> Exercise
Once you find the line with "#93=ORIENTED_EDGE('',*,*,#92,.F.);" in the entries below, return exactly every line from it through the line with "#129=LINE('',#128,#127);".

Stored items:

######

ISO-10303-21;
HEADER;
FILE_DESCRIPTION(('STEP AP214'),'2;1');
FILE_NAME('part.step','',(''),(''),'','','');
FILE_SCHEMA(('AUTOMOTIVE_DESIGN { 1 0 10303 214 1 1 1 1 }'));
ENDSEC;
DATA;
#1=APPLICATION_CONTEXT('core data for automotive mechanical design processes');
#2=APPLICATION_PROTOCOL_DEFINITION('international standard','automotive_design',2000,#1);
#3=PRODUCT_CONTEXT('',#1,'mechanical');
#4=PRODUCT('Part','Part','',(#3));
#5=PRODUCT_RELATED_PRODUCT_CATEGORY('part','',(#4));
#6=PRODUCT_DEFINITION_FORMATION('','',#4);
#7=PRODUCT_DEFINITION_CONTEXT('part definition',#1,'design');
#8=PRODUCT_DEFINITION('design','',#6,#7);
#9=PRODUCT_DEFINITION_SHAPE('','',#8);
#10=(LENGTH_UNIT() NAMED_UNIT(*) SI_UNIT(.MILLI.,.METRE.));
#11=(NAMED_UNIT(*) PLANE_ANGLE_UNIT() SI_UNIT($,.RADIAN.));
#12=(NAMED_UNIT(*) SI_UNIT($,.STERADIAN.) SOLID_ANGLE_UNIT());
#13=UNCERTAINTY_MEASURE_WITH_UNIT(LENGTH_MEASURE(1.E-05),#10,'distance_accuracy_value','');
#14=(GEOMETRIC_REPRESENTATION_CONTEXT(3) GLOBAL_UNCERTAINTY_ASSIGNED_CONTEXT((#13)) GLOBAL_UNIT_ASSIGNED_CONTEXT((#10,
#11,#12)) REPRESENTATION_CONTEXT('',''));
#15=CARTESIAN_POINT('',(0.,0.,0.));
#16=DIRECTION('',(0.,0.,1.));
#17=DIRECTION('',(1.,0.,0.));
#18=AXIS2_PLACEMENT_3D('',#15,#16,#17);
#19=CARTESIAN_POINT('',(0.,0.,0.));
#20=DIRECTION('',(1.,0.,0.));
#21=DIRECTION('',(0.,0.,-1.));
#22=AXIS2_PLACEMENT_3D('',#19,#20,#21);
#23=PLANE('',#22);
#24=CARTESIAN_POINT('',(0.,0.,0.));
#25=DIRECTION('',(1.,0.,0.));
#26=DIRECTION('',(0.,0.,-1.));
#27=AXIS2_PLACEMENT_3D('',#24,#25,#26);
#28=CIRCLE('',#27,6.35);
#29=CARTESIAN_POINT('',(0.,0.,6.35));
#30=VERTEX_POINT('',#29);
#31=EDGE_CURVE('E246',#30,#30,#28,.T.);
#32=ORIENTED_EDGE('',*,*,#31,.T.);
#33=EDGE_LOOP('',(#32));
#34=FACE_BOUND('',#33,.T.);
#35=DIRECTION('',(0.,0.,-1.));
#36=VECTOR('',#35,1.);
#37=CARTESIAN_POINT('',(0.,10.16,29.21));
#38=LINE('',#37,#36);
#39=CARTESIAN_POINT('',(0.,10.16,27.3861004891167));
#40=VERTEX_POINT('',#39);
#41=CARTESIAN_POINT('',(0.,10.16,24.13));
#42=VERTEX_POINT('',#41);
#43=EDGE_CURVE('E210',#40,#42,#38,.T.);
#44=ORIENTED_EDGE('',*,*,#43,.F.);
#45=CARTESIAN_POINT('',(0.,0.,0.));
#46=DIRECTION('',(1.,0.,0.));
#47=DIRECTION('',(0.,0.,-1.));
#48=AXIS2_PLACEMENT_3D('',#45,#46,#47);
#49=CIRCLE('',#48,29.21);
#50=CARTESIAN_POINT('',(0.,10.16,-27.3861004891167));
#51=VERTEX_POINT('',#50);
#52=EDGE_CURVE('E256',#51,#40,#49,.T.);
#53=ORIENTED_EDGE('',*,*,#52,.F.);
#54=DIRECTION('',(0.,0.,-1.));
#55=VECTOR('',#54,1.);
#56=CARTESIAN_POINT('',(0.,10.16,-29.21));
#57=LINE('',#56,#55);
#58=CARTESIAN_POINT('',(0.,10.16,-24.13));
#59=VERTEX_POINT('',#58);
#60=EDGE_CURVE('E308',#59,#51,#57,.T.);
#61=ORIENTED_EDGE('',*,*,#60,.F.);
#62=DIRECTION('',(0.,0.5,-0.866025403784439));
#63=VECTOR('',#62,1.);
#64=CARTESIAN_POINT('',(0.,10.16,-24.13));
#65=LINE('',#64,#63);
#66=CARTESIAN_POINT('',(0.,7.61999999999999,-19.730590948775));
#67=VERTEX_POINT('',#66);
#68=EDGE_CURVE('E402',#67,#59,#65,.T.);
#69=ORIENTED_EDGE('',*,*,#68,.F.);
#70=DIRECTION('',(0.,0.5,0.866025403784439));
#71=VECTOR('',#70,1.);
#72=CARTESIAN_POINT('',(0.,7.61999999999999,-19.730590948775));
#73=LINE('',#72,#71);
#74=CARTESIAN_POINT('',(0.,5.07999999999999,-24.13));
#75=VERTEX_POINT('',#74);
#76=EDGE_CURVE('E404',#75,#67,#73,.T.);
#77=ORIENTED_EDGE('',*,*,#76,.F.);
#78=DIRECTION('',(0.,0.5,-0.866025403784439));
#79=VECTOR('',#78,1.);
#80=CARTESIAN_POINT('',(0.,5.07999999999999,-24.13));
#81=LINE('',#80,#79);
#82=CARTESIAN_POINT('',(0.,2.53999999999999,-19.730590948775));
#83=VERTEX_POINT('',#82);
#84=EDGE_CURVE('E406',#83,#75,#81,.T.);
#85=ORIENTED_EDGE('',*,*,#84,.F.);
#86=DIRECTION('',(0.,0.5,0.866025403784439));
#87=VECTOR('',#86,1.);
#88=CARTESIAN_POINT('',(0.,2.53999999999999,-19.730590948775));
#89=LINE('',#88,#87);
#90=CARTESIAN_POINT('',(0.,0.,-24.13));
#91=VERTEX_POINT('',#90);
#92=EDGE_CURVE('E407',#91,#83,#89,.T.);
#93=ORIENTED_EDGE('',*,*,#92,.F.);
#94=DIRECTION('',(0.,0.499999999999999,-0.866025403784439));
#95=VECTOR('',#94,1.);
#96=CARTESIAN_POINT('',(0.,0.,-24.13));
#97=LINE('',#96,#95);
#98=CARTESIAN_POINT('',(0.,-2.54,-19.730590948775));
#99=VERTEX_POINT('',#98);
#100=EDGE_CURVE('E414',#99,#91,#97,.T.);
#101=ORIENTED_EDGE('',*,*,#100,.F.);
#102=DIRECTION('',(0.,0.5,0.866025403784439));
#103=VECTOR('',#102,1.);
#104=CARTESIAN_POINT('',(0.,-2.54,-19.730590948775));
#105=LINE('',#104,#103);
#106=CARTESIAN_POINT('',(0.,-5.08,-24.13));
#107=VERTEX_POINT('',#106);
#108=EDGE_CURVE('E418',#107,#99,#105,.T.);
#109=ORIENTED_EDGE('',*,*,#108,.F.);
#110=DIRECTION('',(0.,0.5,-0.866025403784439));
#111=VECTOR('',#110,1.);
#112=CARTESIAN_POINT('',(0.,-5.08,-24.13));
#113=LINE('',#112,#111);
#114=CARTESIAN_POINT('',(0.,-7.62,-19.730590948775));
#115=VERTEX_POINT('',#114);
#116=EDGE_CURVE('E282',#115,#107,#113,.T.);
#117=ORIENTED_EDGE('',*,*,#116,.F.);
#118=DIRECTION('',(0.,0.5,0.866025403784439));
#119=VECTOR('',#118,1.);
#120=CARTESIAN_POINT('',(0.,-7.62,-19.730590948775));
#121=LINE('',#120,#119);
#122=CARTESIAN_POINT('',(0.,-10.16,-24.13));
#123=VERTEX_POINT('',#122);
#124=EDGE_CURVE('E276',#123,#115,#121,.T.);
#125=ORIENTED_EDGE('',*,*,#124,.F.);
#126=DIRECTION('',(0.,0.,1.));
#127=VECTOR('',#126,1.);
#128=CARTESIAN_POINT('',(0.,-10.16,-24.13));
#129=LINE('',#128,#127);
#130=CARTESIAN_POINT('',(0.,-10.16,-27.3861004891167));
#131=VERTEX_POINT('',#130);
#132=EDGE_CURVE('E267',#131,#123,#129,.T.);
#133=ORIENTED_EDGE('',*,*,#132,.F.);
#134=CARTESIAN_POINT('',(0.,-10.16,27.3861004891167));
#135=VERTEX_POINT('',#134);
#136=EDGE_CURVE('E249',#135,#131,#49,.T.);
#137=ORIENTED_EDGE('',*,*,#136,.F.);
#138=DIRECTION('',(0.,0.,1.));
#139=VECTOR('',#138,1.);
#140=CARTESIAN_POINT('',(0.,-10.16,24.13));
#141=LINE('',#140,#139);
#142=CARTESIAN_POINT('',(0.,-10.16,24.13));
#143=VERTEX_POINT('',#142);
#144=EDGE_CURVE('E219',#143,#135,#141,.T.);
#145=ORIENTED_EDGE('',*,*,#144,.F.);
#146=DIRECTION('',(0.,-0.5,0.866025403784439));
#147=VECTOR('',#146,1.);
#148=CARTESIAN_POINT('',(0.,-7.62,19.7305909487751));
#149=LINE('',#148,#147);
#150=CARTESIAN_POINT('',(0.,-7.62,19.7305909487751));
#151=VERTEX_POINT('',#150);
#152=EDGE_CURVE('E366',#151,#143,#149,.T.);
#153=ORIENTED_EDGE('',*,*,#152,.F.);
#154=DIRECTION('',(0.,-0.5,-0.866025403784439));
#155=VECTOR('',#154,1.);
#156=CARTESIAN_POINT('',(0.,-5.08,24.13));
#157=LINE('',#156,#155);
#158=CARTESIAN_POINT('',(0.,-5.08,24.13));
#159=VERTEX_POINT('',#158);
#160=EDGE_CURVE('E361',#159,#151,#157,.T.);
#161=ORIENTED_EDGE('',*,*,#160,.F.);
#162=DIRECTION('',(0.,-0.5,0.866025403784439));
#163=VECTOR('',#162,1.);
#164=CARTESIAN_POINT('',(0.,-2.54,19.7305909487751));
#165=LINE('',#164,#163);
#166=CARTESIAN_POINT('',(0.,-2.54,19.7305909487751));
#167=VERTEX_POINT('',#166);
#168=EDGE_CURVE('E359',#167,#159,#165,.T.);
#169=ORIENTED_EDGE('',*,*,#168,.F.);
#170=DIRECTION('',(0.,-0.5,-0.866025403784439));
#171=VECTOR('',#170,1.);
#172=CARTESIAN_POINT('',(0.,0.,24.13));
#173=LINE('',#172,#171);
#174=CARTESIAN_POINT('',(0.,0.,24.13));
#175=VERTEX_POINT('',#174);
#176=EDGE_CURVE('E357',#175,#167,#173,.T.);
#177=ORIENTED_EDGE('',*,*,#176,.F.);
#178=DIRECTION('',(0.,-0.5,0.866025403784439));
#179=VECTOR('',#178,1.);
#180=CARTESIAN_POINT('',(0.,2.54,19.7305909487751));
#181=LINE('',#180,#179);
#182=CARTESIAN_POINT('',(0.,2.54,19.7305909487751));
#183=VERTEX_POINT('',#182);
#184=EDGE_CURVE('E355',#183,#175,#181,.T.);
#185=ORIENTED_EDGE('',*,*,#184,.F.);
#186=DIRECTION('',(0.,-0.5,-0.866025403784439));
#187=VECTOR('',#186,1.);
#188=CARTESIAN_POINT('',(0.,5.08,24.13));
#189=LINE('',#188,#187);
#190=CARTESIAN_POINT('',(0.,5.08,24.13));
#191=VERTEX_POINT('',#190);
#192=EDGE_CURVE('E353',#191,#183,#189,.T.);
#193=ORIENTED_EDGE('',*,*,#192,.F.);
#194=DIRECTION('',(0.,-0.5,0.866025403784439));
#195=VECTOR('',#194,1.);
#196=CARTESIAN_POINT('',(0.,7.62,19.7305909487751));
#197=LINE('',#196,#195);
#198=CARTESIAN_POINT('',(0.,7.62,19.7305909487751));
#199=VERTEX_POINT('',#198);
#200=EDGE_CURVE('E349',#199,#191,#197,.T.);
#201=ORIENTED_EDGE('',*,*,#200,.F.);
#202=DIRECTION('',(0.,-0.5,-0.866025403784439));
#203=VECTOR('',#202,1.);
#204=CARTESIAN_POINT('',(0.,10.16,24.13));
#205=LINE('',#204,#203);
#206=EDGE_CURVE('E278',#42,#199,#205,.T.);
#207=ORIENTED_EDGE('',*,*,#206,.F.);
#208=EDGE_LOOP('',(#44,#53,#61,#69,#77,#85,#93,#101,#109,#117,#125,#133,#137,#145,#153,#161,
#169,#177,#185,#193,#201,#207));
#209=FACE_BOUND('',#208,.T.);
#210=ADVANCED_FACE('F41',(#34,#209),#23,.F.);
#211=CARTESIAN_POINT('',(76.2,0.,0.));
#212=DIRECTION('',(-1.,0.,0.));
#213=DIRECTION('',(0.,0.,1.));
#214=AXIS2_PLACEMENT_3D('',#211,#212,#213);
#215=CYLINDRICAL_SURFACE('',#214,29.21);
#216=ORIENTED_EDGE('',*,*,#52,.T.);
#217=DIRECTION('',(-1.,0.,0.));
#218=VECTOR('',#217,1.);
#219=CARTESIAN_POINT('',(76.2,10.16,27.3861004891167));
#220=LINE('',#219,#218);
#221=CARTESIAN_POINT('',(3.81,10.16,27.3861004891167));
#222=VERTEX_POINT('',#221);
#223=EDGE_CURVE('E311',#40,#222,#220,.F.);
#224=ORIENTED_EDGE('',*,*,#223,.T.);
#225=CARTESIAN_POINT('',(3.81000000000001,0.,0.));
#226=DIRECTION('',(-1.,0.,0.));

######

> Your solution
#93=ORIENTED_EDGE('',*,*,#92,.F.);
#94=DIRECTION('',(0.,0.499999999999999,-0.866025403784439));
#95=VECTOR('',#94,1.);
#96=CARTESIAN_POINT('',(0.,0.,-24.13));
#97=LINE('',#96,#95);
#98=CARTESIAN_POINT('',(0.,-2.54,-19.730590948775));
#99=VERTEX_POINT('',#98);
#100=EDGE_CURVE('E414',#99,#91,#97,.T.);
#101=ORIENTED_EDGE('',*,*,#100,.F.);
#102=DIRECTION('',(0.,0.5,0.866025403784439));
#103=VECTOR('',#102,1.);
#104=CARTESIAN_POINT('',(0.,-2.54,-19.730590948775));
#105=LINE('',#104,#103);
#106=CARTESIAN_POINT('',(0.,-5.08,-24.13));
#107=VERTEX_POINT('',#106);
#108=EDGE_CURVE('E418',#107,#99,#105,.T.);
#109=ORIENTED_EDGE('',*,*,#108,.F.);
#110=DIRECTION('',(0.,0.5,-0.866025403784439));
#111=VECTOR('',#110,1.);
#112=CARTESIAN_POINT('',(0.,-5.08,-24.13));
#113=LINE('',#112,#111);
#114=CARTESIAN_POINT('',(0.,-7.62,-19.730590948775));
#115=VERTEX_POINT('',#114);
#116=EDGE_CURVE('E282',#115,#107,#113,.T.);
#117=ORIENTED_EDGE('',*,*,#116,.F.);
#118=DIRECTION('',(0.,0.5,0.866025403784439));
#119=VECTOR('',#118,1.);
#120=CARTESIAN_POINT('',(0.,-7.62,-19.730590948775));
#121=LINE('',#120,#119);
#122=CARTESIAN_POINT('',(0.,-10.16,-24.13));
#123=VERTEX_POINT('',#122);
#124=EDGE_CURVE('E276',#123,#115,#121,.T.);
#125=ORIENTED_EDGE('',*,*,#124,.F.);
#126=DIRECTION('',(0.,0.,1.));
#127=VECTOR('',#126,1.);
#128=CARTESIAN_POINT('',(0.,-10.16,-24.13));
#129=LINE('',#128,#127);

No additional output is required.